There was silence. He remembered the walls of the hospital: white; and the uniforms and the faces of the doctors and nurses, white on white. And the face of Leona’s brother, white, with the blood beneath it rushing thickly, bitterly, to the skin’s surface, summoned by his mortal enemy. Had they been down home, his blood and the blood of his enemy would have rushed out to mingle together over the uncaring earth, under the uncaring sky.
“At least,” Cass said, finally, “you didn’t have any children. Thank God for that.”
“She did,” he said, “down South. They took the kid away from her.” He added, “That’s why she come North.” And he thought of the night they had met.
“She was a nice girl,” Cass said. “I liked her.”
He said nothing. He heard Vivaldo say, “—but I never know what to do when I’m not working.”
“You know what to do, all right. You just don’t have anybody to do it with.”
He listened to their laughter, which seemed to shake him as though it were a drill.
“Just the same,” said Richard, in a preoccupied tone, “nobody can work all the time.”
Out of the corner of his eye, Rufus watched him stabbing the table with his stir-stick.
“I hope,” Cass said, “that you won’t sit around blaming yourself too much. Or too long. That won’t undo anything.” She put her hand on his. He stared at her. She smiled. “When you’re older you’ll see, I think, that we all commit our crimes. The thing is not to lie about them — to try to understand what you have done, why you have done it.” She leaned closer to him, her brown eyes popping and her blonde hair, in the heat, in the gloom, forming a damp fringe about her brow. “That way, you can begin to forgive yourself. That’s very important. If you don’t forgive yourself you’ll never be able to forgive anybody else and you’ll go on committing the same crimes forever.”
“I know,” Rufus muttered, not looking at her, bent over the table with his fists clenched together. From far away, from the juke box, he heard a melody he had often played. He thought of Leona. Her face would not leave him. “I know,” he repeated, though in fact he did not know. He did not know why this woman was talking to him as she was, what she was trying to tell him.
“What,” she asked him, carefully, “are you going to do now?”

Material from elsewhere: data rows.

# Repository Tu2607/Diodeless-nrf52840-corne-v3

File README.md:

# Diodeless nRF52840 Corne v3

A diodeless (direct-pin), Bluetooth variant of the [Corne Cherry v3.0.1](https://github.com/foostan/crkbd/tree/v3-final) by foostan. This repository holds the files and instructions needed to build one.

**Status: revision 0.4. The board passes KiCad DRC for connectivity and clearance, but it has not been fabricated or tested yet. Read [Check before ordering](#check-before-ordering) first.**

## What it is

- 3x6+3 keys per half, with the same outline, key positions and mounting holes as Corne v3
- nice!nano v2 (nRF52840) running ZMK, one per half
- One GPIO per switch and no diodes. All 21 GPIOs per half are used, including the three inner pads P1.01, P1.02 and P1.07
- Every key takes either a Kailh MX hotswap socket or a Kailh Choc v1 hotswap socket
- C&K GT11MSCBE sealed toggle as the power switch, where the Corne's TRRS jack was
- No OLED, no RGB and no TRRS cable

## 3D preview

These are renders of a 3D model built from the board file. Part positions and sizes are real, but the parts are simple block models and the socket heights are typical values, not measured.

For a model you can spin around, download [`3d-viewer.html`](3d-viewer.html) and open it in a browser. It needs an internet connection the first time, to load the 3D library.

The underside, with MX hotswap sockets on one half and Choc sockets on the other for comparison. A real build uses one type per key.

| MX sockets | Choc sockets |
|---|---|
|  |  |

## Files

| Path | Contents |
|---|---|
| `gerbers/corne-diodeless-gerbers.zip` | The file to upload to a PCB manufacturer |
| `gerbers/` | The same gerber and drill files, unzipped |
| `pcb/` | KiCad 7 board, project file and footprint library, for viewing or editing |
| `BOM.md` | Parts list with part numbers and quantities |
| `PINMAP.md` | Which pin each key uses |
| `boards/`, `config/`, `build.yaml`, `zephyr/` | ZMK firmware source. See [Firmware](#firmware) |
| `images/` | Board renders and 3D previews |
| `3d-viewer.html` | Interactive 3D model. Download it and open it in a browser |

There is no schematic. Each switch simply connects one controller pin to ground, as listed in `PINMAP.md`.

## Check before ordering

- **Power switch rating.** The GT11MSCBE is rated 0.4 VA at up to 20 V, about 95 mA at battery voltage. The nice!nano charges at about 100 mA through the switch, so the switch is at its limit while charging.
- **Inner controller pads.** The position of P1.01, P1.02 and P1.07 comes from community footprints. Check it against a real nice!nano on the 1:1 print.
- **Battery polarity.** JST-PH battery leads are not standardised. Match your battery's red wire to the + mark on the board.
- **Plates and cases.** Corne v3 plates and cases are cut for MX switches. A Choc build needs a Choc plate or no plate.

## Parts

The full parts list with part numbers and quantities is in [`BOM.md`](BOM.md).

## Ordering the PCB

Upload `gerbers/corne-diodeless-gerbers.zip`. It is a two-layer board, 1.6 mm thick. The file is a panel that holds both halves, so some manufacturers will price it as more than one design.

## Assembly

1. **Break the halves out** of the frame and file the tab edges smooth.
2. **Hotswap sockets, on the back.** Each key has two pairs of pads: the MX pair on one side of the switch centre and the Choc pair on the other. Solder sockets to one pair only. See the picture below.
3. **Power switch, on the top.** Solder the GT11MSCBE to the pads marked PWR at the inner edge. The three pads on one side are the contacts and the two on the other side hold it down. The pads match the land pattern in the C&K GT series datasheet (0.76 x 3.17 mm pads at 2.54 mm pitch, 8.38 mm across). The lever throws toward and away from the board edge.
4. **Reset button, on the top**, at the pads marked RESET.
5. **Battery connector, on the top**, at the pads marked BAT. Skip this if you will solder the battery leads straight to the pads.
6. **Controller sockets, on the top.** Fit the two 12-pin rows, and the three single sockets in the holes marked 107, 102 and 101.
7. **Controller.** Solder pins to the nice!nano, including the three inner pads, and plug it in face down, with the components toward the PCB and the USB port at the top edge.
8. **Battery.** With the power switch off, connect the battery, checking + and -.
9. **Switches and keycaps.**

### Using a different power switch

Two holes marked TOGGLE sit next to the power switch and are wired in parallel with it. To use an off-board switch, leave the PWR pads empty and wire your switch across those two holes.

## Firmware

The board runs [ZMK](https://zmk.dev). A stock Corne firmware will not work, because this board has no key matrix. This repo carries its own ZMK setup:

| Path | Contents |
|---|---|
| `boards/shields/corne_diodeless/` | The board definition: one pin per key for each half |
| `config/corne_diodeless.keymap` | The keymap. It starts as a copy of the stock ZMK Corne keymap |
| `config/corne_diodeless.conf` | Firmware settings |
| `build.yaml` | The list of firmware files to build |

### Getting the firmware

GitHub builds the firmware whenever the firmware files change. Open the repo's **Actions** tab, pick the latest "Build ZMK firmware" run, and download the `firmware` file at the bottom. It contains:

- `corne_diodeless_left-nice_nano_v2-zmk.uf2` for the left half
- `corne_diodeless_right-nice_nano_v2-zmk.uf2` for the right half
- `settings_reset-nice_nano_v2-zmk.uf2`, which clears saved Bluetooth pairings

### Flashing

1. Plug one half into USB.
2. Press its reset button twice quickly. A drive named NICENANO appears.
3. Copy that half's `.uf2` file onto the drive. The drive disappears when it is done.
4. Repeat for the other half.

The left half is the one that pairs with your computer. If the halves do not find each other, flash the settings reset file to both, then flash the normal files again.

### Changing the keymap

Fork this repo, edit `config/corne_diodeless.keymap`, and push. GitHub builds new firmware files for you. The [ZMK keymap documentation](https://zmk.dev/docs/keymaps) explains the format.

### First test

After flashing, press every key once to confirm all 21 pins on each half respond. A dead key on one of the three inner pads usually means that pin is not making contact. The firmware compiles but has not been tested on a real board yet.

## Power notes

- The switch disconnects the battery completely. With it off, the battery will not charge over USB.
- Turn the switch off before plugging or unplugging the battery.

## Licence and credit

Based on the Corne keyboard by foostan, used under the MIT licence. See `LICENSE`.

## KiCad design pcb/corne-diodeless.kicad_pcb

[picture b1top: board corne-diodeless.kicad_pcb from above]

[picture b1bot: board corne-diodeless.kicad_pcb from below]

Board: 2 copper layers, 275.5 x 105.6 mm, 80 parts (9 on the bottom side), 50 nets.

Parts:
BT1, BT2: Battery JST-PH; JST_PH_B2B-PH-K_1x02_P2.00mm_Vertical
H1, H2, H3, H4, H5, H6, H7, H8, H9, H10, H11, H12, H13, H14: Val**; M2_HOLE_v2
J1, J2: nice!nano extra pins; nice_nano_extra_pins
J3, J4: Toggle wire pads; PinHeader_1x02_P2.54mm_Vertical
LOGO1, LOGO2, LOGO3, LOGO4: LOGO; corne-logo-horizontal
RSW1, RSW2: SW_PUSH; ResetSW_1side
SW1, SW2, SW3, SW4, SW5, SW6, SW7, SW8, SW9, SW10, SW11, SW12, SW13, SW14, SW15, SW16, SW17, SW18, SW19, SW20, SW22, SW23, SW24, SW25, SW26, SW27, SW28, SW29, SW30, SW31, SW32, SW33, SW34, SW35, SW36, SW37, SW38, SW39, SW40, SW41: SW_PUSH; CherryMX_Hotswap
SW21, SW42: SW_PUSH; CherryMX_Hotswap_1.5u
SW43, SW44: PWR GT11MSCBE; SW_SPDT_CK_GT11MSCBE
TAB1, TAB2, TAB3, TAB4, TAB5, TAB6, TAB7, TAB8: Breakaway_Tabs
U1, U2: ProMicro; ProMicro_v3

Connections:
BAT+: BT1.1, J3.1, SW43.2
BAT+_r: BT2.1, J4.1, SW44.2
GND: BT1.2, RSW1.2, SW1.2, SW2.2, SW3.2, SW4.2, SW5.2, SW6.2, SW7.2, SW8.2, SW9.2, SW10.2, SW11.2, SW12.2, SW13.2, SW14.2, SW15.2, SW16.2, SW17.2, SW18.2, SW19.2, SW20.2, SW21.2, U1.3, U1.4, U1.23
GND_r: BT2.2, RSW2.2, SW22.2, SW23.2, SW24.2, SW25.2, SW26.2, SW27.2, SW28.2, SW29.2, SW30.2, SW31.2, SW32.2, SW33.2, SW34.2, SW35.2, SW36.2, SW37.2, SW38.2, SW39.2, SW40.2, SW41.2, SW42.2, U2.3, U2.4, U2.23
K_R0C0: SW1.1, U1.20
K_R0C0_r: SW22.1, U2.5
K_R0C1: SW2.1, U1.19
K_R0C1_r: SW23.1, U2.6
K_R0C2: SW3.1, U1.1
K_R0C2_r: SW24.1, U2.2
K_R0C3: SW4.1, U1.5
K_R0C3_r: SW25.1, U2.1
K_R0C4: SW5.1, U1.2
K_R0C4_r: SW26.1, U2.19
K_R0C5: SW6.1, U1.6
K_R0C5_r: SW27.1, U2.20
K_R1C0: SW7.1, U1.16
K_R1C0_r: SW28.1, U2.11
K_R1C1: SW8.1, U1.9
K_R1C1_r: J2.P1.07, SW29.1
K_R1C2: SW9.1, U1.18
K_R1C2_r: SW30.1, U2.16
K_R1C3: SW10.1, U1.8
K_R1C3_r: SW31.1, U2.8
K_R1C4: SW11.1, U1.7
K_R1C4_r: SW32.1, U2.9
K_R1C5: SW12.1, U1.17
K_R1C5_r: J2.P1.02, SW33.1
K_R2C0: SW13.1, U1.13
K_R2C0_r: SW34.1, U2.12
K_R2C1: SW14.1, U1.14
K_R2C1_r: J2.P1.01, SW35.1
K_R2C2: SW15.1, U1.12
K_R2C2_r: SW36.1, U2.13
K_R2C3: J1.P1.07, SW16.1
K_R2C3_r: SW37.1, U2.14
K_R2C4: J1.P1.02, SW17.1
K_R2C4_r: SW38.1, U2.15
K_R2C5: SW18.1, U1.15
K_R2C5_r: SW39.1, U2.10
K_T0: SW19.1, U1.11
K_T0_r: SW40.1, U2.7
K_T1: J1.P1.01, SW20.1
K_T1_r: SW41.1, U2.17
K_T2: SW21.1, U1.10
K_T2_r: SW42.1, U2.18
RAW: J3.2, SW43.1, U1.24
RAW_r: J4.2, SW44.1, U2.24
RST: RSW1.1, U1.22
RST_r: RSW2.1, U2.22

“I’m going to try to pull myself together,” he said, “and get back to work.”
But he found it unimaginable that he would ever work again, that he would ever play drums again.
“Have you seen your family? I think Vivaldo’s seen your sister a couple of times. She’s very worried about you.”
“I’m going up there,” he said. “I haven’t wanted to go — looking this way.”
“They don’t care how you look,” she said, shortly. “ I don’t care how you look. I’m just glad to see you’re all right — and I’m not even related to you.”
He thought, with a great deal of wonder, That’s true, and turned to stare at her again, smiling a little and very close to tears.
“I’ve always thought of you,” she said, “as a very nice person.” She gave his arm a little tap and pushed a crumpled bill into his hand. “It might help if you thought of yourself that way.”